Inside Carnton, commandeered as a hospital by Gen. Nathan Bedford Forrest, hundreds of men died on the floors of every room and every porch while Carrie McGavock tore sheets and clothes for bandages, and two surgeons sawed away at the wounded.

Carrie existed; Carnton endures. One contemporary account observed, "Even her skirts were stained with blood from the gaping wounds of the dying men." Carrie died in 1905, long known as "the good Samaritan of Williamson County."

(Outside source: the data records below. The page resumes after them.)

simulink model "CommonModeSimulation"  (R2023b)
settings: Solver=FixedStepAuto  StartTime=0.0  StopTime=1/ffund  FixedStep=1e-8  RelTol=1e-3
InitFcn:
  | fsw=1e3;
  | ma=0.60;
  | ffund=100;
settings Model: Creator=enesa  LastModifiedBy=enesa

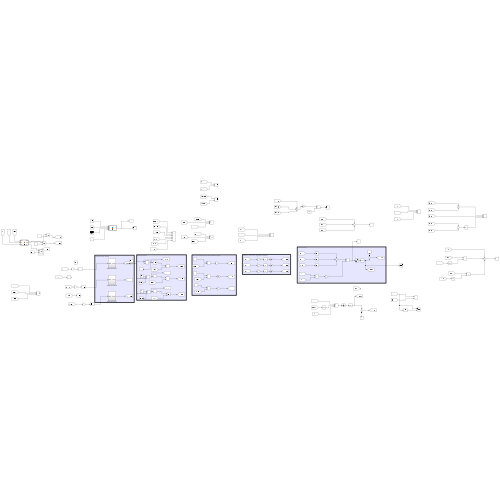
[thumbnail: Simulink's stored preview of the top-level diagram]
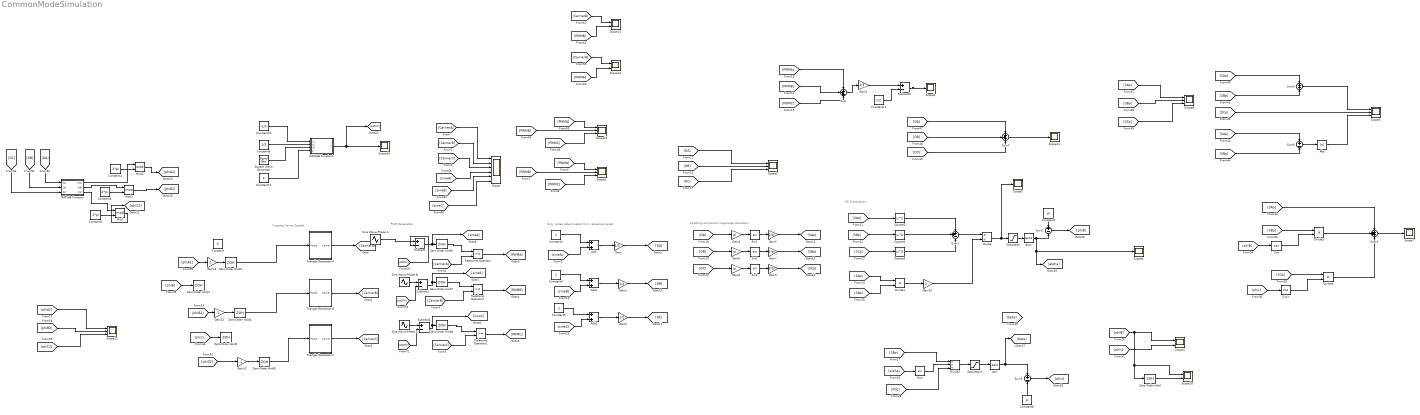
== system CommonModeSimulation ==
  note: Phi B calculation
  note: Switching component magnitude calculation
  note: Duty cycles determination from reference signals
  note: PWM Generation
  note: Creating Carrier Signals
  Abs : Abs  SaturateOnIntegerOverflow=off
  Acos : Trigonometry  Operator=acos
  Add : Sum
  Add1 : Sum
  Add2 : Sum
  Asin : Trigonometry  Operator=asin
  Constant : Constant  Value=0
  Constant1 : Constant  Value=2*pi
  Constant10 : Constant  Value=-1/3
  Constant11 : Constant  Value=4
  Constant12 : Constant  Value=1/2
  Constant2 : Constant  Value=2*pi
  Constant3 : Constant
  Constant4 : Constant
  Constant5 : Constant
  Constant6 : Constant  Value=1/3
  Constant7 : Constant  Value=pi
  Constant8 : Constant  Value=pi
  Constant9 : Constant  Value=2*pi
  Cos : Trigonometry  Operator=cos
  Cos1 : Trigonometry  Operator=cos
  Divide : Product  Inputs=*/
  Divide1 : Product  Inputs=**
  Divide2 : Product  Inputs=**/
  Divide3 : Product  Inputs=**
  Divide4 : Product  Inputs=**
  Gain : Gain  Gain=1/2
  Gain1 : Gain  Gain=1/2
  Gain10 : Gain  Gain=2
  Gain11 : Gain  Gain=-1
  Gain12 : Gain  Gain=-1
  Gain13 : Gain  Gain=-1
  Gain2 : Gain  Gain=1/2
  Gain3 : Gain  Gain=1/3
  Gain4 : Gain  Gain=pi
  Gain5 : Gain  Gain=2/pi
  Gain6 : Gain  Gain=pi
  Gain7 : Gain  Gain=2/pi
  Gain8 : Gain  Gain=pi
  Gain9 : Gain  Gain=2/pi
  MATLAB Function : MATLAB Function  TreatAsAtomicUnit=on
  MATLAB Function1 : MATLAB Function  TreatAsAtomicUnit=on
  Mod : Math  Operator=mod
  Mod1 : Math  Operator=mod
  Mod2 : Math  Operator=mod
  Relational Operator : RelationalOperator  OutDataTypeStr=boolean  RndMeth=Simplest  InputSameDT=off
  Relational Operator1 : RelationalOperator  OutDataTypeStr=boolean  RndMeth=Simplest  InputSameDT=off
  Relational Operator2 : RelationalOperator  OutDataTypeStr=boolean  RndMeth=Simplest  InputSameDT=off
  Saturation : Saturate  UpperLimit=1  LowerLimit=-1
  Saturation1 : Saturate  UpperLimit=1  LowerLimit=-1
  Scope : Scope  NumInputPorts=6
  Scope{1,3,8..9,12,15} (6 alike) : Scope  NumInputPorts=3
  Scope{4,10,13..14} (4 alike) : Scope  NumInputPorts=2
  Scope{2,5..7,11,16} (6 alike) : Scope
  Sin{1..4} (4 alike) : Trigonometry
  Sine Wave-Phase A : Sin  Amplitude=ma  Frequency=2*pi*ffund  SampleTime=0
  Sine Wave-Phase B : Sin  Amplitude=ma  Frequency=2*pi*ffund  Phase=2*pi/3  SampleTime=0
  Sine Wave-Phase C : Sin  Amplitude=ma  Frequency=2*pi*ffund  Phase=-2*pi/3  SampleTime=0
  Square Wave Generator : SignalGenerator  WaveForm=square  Amplitude=1/3  Frequency=2*pi*ffund*3  Units=rad/sec
  Square1 : Math  Operator=square
  Square2 : Math  Operator=square
  Square3 : Math  Operator=square
  Subtract{,1..3} (4 alike) : Sum  Inputs=+-
  Sum : Sum  Inputs=+++
  Sum1 : Sum  Inputs=++-
  Sum2 : Sum  Inputs=+-
  Sum3 : Sum  Inputs=+-
  Sum4 : Sum  Inputs=+++
  Sum5 : Sum
  Sum6 : Sum  Inputs=+-
  Sum7 : Sum  Inputs=+++
  Triangle Generator-A : Subsystem
  Triangle Generator-B : Subsystem
  Triangle Generator-C : Subsystem
  Zero-Order Hold{,1..8} (9 alike) : ZeroOrderHold  SampleTime=1/fsw
  wires:
  [CarrierA] -> Scope/1
  [CarrierB] -> Scope/2
  [CarrierC] -> Scope/3
  [PWMA] -> Scope1/1
  [PWMB] -> Scope1/2
  [PWMC] -> Scope1/3
  [PWMA] -> Sum/1
  [PWMB] -> Sum/2
  [PWMC] -> Sum/3
  Sum/1 -> Gain3/1
  [DA] -> Scope3/1
  [DB] -> Scope3/2
  [DC] -> Scope3/3
  Triangle Generator-C/1(Carrier) -> [CarrierC]
  Triangle Generator-B/1(Carrier) -> [CarrierB]
  Triangle Generator-A/1(Carrier) -> [CarrierA]
  [CarrierB] -> Relational Operator1/2
  Relational Operator1/1 -> [PWMB]
  Relational Operator/1 -> [PWMA]
  Relational Operator2/1 -> [PWMC]
  [CarrierC] -> Relational Operator2/2
  Sine Wave-Phase A/1 -> Subtract/1
  [CarrierA] -> Relational Operator/2
  Sine Wave-Phase B/1 -> Subtract1/1
  [sineC] -> Add2/2
  Constant4/1 -> Add1/1
  Constant3/1 -> Add/1
  Add2/1 -> Gain2/1
  Gain/1 -> [DA]
  Gain2/1 -> [DC]
  Add1/1 -> Gain1/1
  [sineB] -> Add1/2
  Constant5/1 -> Add2/1
  [sineA] -> Add/2
  Gain1/1 -> [DB]
  Add/1 -> Gain/1
  [DA] -> Gain4/1
  Sin1/1 -> Gain5/1
  Gain4/1 -> Sin1/1
  [DB] -> Gain6/1
  Gain7/1 -> [SBp]
  Sin3/1 -> Gain9/1
  Gain6/1 -> Sin2/1
  Gain8/1 -> Sin3/1
  [DC] -> Gain8/1
  Gain5/1 -> [SAp]
  Gain9/1 -> [SCp]
  Sin2/1 -> Gain7/1
  [SCp] -> Square3/1
  Acos/1 -> Sum2/2, Scope6/1, [alpha]
  Gain10/1 -> Divide/2
  Square3/1 -> Sum1/3
  [SAp] -> Divide1/1
  Sum1/1 -> Divide/1
  [SBp] -> Square1/1
  [SBp] -> Divide1/2
  Constant7/1 -> Sum2/1
  Divide/1 -> Scope5/1, Saturation/1
  Square2/1 -> Sum1/1
  [SAp] -> Square2/1
  Sum2/1 -> [phiB]
  Square1/1 -> Sum1/2
  Divide1/1 -> Gain10/1
  [alpha] -> Sin4/1
  [SBp] -> Divide2/1
  Sin4/1 -> Divide2/2
  [SCp] -> Divide2/3
  Divide2/1 -> Saturation1/1
  Asin/1 -> Sum3/1, [beta]
  Constant8/1 -> Sum3/2
  Sum3/1 -> [phic]
  [phiB] -> Scope10/1, Zero-Order Hold/1, Scope4/1
  [phic] -> Scope4/2
  [SBp] -> Divide3/1
  [phiB] -> Cos/1
  Cos/1 -> Divide3/2
  [phic] -> Cos1/1
  Cos1/1 -> Divide4/2
  [SCp] -> Divide4/1
  [SAp] -> Sum4/1
  Divide3/1 -> Sum4/2
  Divide4/1 -> Sum4/3
  Sum4/1 -> Scope7/1
  [SAp] -> Scope8/1
  [SBp] -> Scope8/2
  [SCp] -> Scope8/3
  [SAp] -> Sum5/1
  [SBp] -> Sum5/2
  Sum5/1 -> Scope9/1
  [SCp] -> Scope9/2
  [SAp] -> Sum6/1
  [SBp] -> Sum6/2
  Sum6/1 -> Abs/1
  Abs/1 -> Scope9/3
  Saturation/1 -> Acos/1
  Saturation1/1 -> Asin/1
  Zero-Order Hold/1 -> Scope10/2
  [DA] -> Sum7/1
  [DC] -> Sum7/3
  [DB] -> Sum7/2
  Sum7/1 -> Scope11/1
  [phiB2] -> Scope12/2
  [phiC2] -> Scope12/3
  [DA] -> MATLAB Function/1(DA)
  [DB] -> MATLAB Function/2(DB)
  [DC] -> MATLAB Function/3(DC)
  [phiA2] -> Scope12/1
  [phic] -> Zero-Order Hold2/1
  [phiB] -> Zero-Order Hold1/1
  [CarrierA] -> Scope13/1
  [PWMA] -> Scope13/2
  [CarrierA] -> Scope14/1
  [PWMB] -> Scope14/2
  [phiC2] -> Gain11/1
  [phiB2] -> Gain12/1
  [phiA2] -> Gain13/1
  Constant1/1 -> Mod/2
  Constant2/1 -> Mod1/2
  Constant9/1 -> Mod2/2
  Mod2/1 -> [phiB2]
  Mod/1 -> [phiC2]
  Mod1/1 -> [phiA2]
  MATLAB Function/1(phA) -> Mod1/1
  MATLAB Function/2(phB) -> Mod2/1
  MATLAB Function/3(phC) -> Mod/1
  Gain13/1 -> Zero-Order Hold3/1
  Gain12/1 -> Zero-Order Hold4/1
  Gain11/1 -> Zero-Order Hold5/1
  Zero-Order Hold3/1 -> Triangle Generator-A/1(Phase)
  Zero-Order Hold4/1 -> Triangle Generator-B/1(Phase)
  Zero-Order Hold5/1 -> Triangle Generator-C/1(Phase)
  Zero-Order Hold6/1 -> Relational Operator/1
  Zero-Order Hold7/1 -> Relational Operator1/1
  Zero-Order Hold8/1 -> Relational Operator2/1
  [PWMB] -> Scope15/2
  [PWMC] -> Scope15/3
  [PWMA] -> Scope15/1
  [sineA] -> Scope/4
  [sineB] -> Scope/5
  [sineC] -> Scope/6
  Subtract/1 -> [sineA], Zero-Order Hold6/1
  [sqCMV] -> Subtract/2
  Subtract1/1 -> [sineB], Zero-Order Hold7/1
  [sqCMV] -> Subtract1/2
  Sine Wave-Phase C/1 -> Subtract2/1
  Subtract2/1 -> [sineC], Zero-Order Hold8/1
  [sqCMV] -> Subtract2/2
  Constant6/1 -> MATLAB Function1/2(u2)
  Square Wave Generator/1 -> MATLAB Function1/3(u3)
  MATLAB Function1/1(y) -> [sqCMV], Scope16/1
  Constant10/1 -> MATLAB Function1/1(u1)
  Constant11/1 -> MATLAB Function1/4(d)
  Gain3/1 -> Subtract3/1
  Subtract3/1 -> Scope2/1
  Constant12/1 -> Subtract3/2

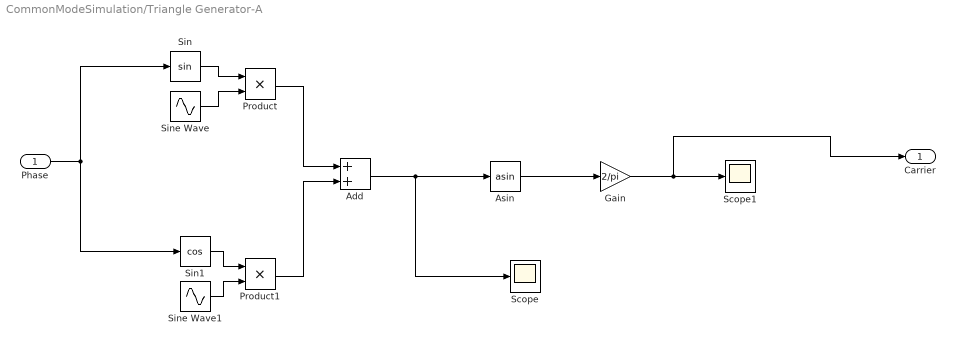
== system CommonModeSimulation/Triangle Generator-A ==
  Phase : Inport
  Add : Sum
  Asin : Trigonometry  Operator=asin
  Gain : Gain  Gain=2/pi
  Product : Product
  Product1 : Product
  Scope : Scope
  Scope1 : Scope
  Sin : Trigonometry
  Sin1 : Trigonometry  Operator=cos
  Sine Wave : Sin  Frequency=2*pi*fsw  SampleTime=0
  Sine Wave1 : Sin  Frequency=2*pi*fsw  Phase=-pi/2  SampleTime=0
  Carrier : Outport
  wires:
  Sin/1 -> Product/1
  Sine Wave/1 -> Product/2
  Phase/1 -> Sin1/1, Sin/1
  Product/1 -> Add/1
  Asin/1 -> Gain/1
  Gain/1 -> Carrier/1, Scope1/1
  Sine Wave1/1 -> Product1/2
  Product1/1 -> Add/2
  Add/1 -> Asin/1, Scope/1
  Sin1/1 -> Product1/1

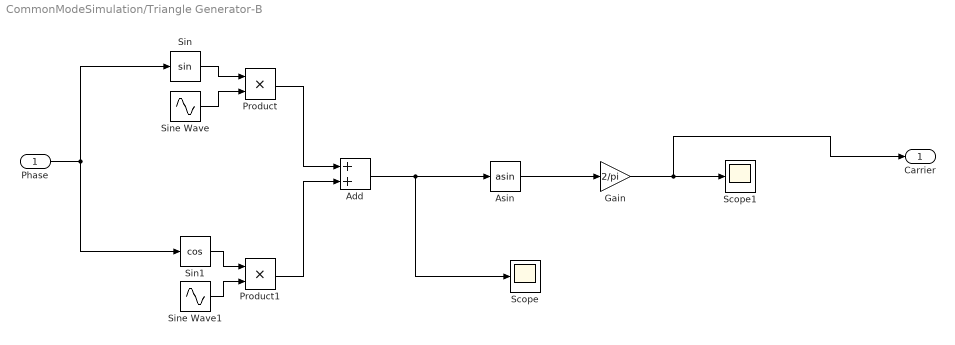
== system CommonModeSimulation/Triangle Generator-B ==
  Phase : Inport
  Add : Sum
  Asin : Trigonometry  Operator=asin
  Gain : Gain  Gain=2/pi
  Product : Product
  Product1 : Product
  Scope : Scope
  Scope1 : Scope
  Sin : Trigonometry
  Sin1 : Trigonometry  Operator=cos
  Sine Wave : Sin  Frequency=2*pi*fsw  SampleTime=0
  Sine Wave1 : Sin  Frequency=2*pi*fsw  Phase=-pi/2  SampleTime=0
  Carrier : Outport
  wires:
  Sin/1 -> Product/1
  Sine Wave/1 -> Product/2
  Phase/1 -> Sin1/1, Sin/1
  Product/1 -> Add/1
  Asin/1 -> Gain/1
  Gain/1 -> Carrier/1, Scope1/1
  Sine Wave1/1 -> Product1/2
  Product1/1 -> Add/2
  Add/1 -> Asin/1, Scope/1
  Sin1/1 -> Product1/1

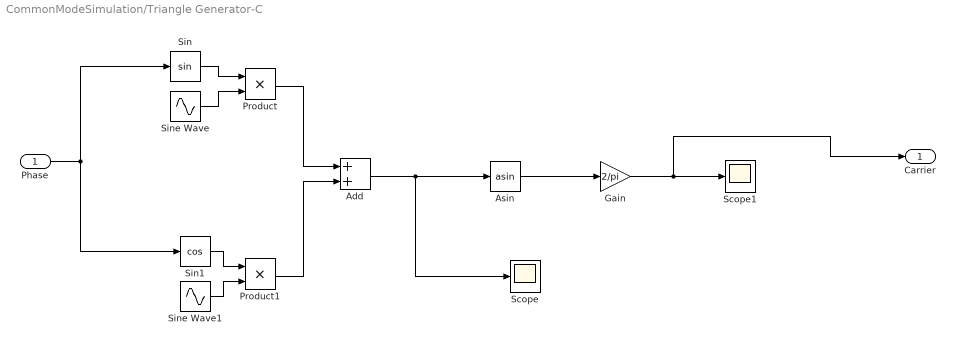
== system CommonModeSimulation/Triangle Generator-C ==
  Phase : Inport
  Add : Sum
  Asin : Trigonometry  Operator=asin
  Gain : Gain  Gain=2/pi
  Product : Product
  Product1 : Product
  Scope : Scope
  Scope1 : Scope
  Sin : Trigonometry
  Sin1 : Trigonometry  Operator=cos
  Sine Wave : Sin  Frequency=2*pi*fsw  SampleTime=0
  Sine Wave1 : Sin  Frequency=2*pi*fsw  Phase=-pi/2  SampleTime=0
  Carrier : Outport
  wires:
  Sin/1 -> Product/1
  Sine Wave/1 -> Product/2
  Phase/1 -> Sin1/1, Sin/1
  Product/1 -> Add/1
  Asin/1 -> Gain/1
  Gain/1 -> Carrier/1, Scope1/1
  Sine Wave1/1 -> Product1/2
  Product1/1 -> Add/2
  Add/1 -> Asin/1, Scope/1
  Sin1/1 -> Product1/1

== matlab function CommonModeSimulation/MATLAB Function1 ==
  data: u1 input; y output; u2 input; u3 input; d input
function y = fcn(u1,u2,u3,d)

if d==1
    y = u1;
elseif  d==2
    y = u2;
elseif  d==3
    y = u3;
else
    y = 0;
end

== matlab function CommonModeSimulation/MATLAB Function ==
  data: DA input; phA output; DB input; DC input; phB output; phC output
function [phA, phB,phC] = fcn(DA,DB,DC)
phA=0;
phB=((DA+DB)/2)*2*pi;
phC= (((DA+DC)/2)+DB)*2*pi;
end

The years after the Civil War make her seem more remarkable. She and husband John McGavock reburied almost 1,500 Confederate soldiers behind their home. The family owning the land originally holding the dead in shallow graves had decided to plow over and plant the fields.

Carrie asked for the responsibility of reburial, recorded where each solider lay, traversed the cemetery daily, kept a book of the dead, wrote the bereaved. When Oscar Wilde made his American tour in 1882, he included a visit "to meet the Widow McGavock, the high priestess of the temple of dead boys," says an author's note.

Carrie took care of the living, too, after the war. She grew up near New Orleans and would request two or three orphans a year from that city, educate them, then find them homes and jobs.

"The Widow of the South" resurrects Carrie not in a biography, but a novel. Author Robert Hicks writes, "My one true interest as a writer has always been in Carrie, and in the people who moved in her orbit."

Unfortunately, Hicks does not stay with her voice but moves chapter by chapter through a variety of first-person narratives, often pit stops of 1 1/2 to 2 1/2 pages.

Hicks does create a number of intriguing, idiosyncratic characters not only in Carrie, John and Zachariah, but dying soldiers, neighbors with another tangled love story and Mariah, portrayed as both slave and friend.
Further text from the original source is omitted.